> Task to carry out
Work through the lines below and count those holding "Targets"; reply with the number only.
START Listed entries
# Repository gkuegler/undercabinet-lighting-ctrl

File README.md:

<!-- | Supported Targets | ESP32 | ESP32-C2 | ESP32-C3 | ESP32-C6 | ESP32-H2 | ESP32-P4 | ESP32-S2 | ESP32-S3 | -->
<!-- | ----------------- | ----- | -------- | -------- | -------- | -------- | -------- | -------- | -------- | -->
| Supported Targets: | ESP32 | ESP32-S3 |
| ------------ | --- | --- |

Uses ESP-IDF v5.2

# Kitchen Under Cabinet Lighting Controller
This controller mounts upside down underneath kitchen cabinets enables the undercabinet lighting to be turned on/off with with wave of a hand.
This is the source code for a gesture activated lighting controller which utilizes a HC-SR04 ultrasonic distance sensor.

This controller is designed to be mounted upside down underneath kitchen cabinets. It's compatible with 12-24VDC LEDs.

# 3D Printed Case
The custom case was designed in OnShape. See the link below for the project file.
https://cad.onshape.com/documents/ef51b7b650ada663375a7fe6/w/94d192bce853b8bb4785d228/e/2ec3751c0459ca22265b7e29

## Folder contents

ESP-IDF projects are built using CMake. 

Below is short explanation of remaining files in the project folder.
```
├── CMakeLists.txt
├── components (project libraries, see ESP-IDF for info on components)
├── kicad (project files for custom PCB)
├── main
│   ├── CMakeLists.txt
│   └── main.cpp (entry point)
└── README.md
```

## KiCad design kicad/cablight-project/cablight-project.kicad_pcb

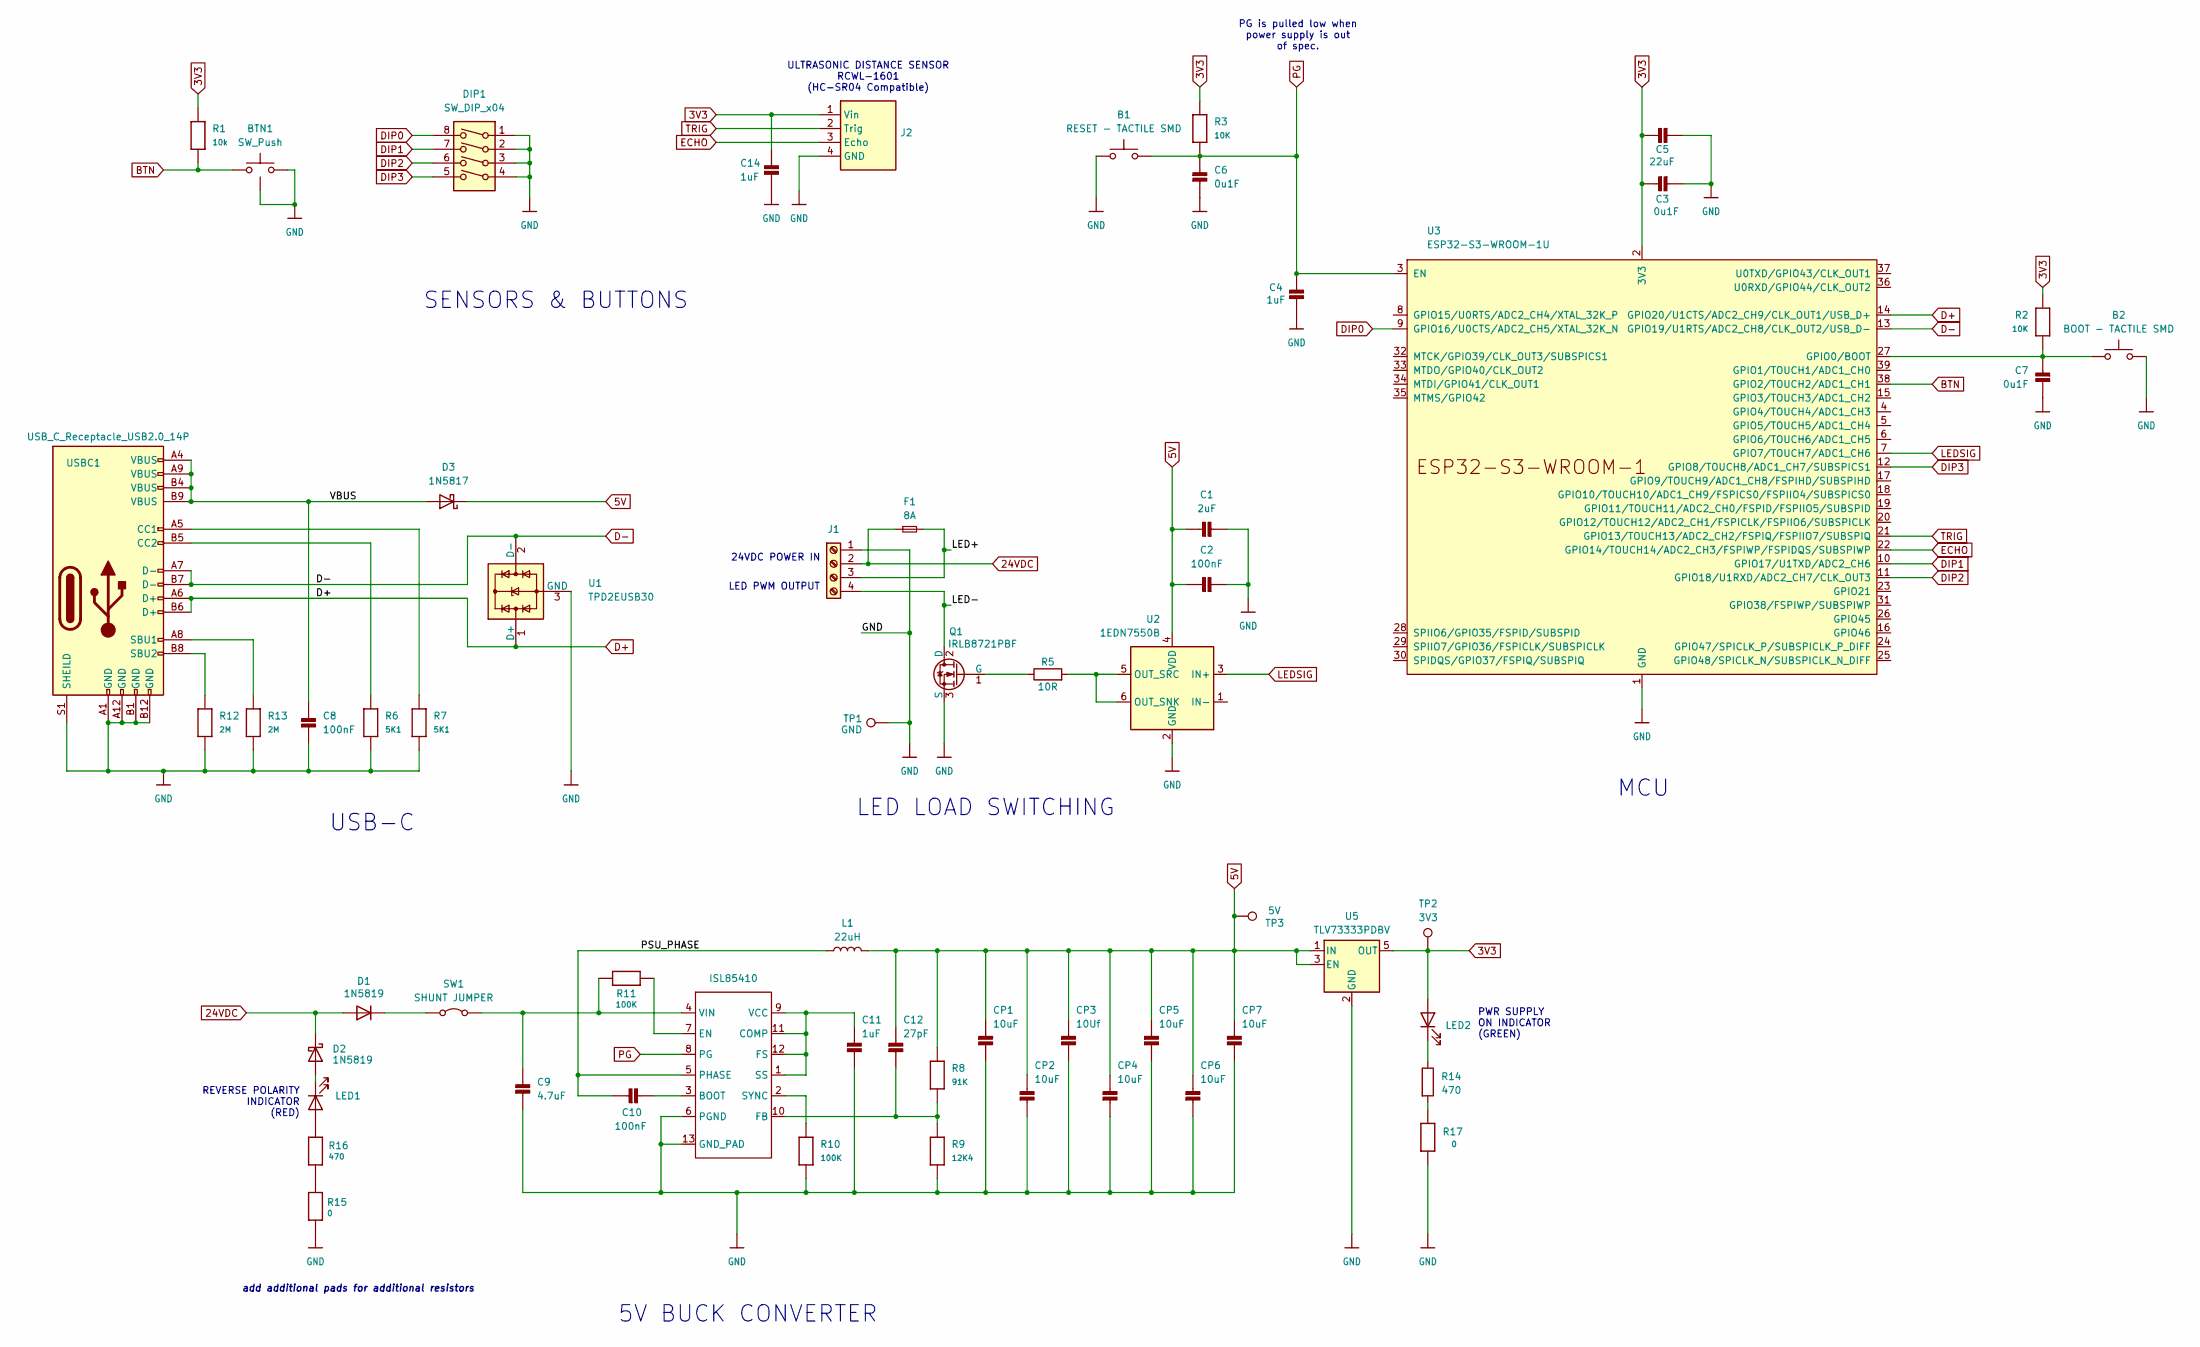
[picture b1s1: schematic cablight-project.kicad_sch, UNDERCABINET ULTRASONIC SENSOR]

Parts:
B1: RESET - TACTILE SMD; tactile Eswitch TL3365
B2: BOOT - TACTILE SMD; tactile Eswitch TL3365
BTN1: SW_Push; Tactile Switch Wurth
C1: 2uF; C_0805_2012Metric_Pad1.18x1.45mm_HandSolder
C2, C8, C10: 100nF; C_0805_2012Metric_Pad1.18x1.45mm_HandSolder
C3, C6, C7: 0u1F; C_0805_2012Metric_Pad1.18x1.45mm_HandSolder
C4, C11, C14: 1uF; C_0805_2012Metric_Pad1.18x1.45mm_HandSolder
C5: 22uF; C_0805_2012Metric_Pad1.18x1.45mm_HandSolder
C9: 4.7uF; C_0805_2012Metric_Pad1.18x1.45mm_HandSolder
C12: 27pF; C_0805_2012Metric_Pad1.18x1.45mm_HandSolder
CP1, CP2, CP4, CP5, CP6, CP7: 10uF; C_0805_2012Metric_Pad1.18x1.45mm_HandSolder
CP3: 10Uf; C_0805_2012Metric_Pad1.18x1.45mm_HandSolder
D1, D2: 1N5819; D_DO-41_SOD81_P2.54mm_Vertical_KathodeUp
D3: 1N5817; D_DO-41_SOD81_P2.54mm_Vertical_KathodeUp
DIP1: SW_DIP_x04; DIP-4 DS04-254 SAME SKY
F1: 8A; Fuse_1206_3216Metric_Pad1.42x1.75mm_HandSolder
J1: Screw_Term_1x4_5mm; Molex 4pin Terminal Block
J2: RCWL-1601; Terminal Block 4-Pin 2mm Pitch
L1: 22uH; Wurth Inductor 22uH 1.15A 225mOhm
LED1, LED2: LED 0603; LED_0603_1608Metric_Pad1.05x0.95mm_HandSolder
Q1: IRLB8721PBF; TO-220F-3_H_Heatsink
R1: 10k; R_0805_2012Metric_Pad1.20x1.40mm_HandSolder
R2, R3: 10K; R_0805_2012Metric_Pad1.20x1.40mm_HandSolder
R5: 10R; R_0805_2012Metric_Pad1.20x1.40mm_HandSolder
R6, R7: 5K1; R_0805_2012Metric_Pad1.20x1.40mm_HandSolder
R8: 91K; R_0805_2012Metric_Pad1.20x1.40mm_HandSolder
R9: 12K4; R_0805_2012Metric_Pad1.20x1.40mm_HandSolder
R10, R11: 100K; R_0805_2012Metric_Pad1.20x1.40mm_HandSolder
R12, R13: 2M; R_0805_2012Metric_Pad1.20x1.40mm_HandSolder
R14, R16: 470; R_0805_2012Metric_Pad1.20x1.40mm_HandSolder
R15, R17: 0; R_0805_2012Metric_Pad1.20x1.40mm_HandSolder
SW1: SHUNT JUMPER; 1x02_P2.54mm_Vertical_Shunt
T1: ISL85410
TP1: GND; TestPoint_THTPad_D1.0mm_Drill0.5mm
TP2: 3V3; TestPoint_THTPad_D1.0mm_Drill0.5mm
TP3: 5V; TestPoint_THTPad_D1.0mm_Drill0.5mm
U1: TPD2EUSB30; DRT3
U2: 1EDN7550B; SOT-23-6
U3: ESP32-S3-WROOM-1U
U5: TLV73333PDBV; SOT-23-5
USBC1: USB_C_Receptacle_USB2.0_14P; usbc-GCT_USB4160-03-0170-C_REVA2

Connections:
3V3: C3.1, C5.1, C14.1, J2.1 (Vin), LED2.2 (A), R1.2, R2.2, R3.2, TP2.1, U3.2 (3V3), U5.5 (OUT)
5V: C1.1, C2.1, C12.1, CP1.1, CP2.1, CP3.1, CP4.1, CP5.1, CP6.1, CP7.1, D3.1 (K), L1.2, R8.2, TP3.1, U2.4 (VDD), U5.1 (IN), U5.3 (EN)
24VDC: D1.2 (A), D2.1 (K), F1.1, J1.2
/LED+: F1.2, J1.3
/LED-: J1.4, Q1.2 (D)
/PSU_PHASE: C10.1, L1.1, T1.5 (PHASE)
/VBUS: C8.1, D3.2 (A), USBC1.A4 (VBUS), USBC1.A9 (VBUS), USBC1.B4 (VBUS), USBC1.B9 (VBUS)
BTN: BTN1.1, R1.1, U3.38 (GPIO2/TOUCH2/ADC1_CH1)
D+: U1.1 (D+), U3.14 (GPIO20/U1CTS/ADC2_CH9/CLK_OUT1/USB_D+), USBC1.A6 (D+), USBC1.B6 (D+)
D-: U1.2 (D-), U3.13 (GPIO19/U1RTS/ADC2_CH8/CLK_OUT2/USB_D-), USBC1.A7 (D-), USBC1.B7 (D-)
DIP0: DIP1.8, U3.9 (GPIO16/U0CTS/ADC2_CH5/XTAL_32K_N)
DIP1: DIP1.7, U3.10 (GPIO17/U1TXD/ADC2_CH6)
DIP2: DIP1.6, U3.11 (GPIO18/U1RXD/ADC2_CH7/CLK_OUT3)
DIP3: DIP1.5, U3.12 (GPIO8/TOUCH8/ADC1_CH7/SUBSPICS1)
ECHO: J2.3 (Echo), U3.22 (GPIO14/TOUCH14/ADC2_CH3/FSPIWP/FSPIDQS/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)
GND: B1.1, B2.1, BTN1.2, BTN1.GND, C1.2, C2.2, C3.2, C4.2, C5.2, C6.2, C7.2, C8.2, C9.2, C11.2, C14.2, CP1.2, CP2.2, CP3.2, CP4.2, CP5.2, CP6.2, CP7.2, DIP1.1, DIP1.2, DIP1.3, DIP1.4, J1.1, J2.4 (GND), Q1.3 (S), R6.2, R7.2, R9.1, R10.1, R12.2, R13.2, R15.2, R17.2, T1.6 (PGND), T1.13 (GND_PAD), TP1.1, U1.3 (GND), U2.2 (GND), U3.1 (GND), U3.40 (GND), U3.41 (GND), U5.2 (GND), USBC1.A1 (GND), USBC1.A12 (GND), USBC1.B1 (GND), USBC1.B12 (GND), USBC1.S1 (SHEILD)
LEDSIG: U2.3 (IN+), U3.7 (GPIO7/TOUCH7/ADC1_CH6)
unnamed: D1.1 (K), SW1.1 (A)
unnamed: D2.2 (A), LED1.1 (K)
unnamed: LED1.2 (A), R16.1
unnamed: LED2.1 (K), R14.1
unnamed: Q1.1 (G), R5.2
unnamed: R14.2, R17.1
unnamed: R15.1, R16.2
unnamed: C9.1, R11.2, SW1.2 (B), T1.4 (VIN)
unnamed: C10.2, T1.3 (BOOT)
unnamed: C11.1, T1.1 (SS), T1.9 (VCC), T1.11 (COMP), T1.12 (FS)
END Listed entries
> Exercise response
2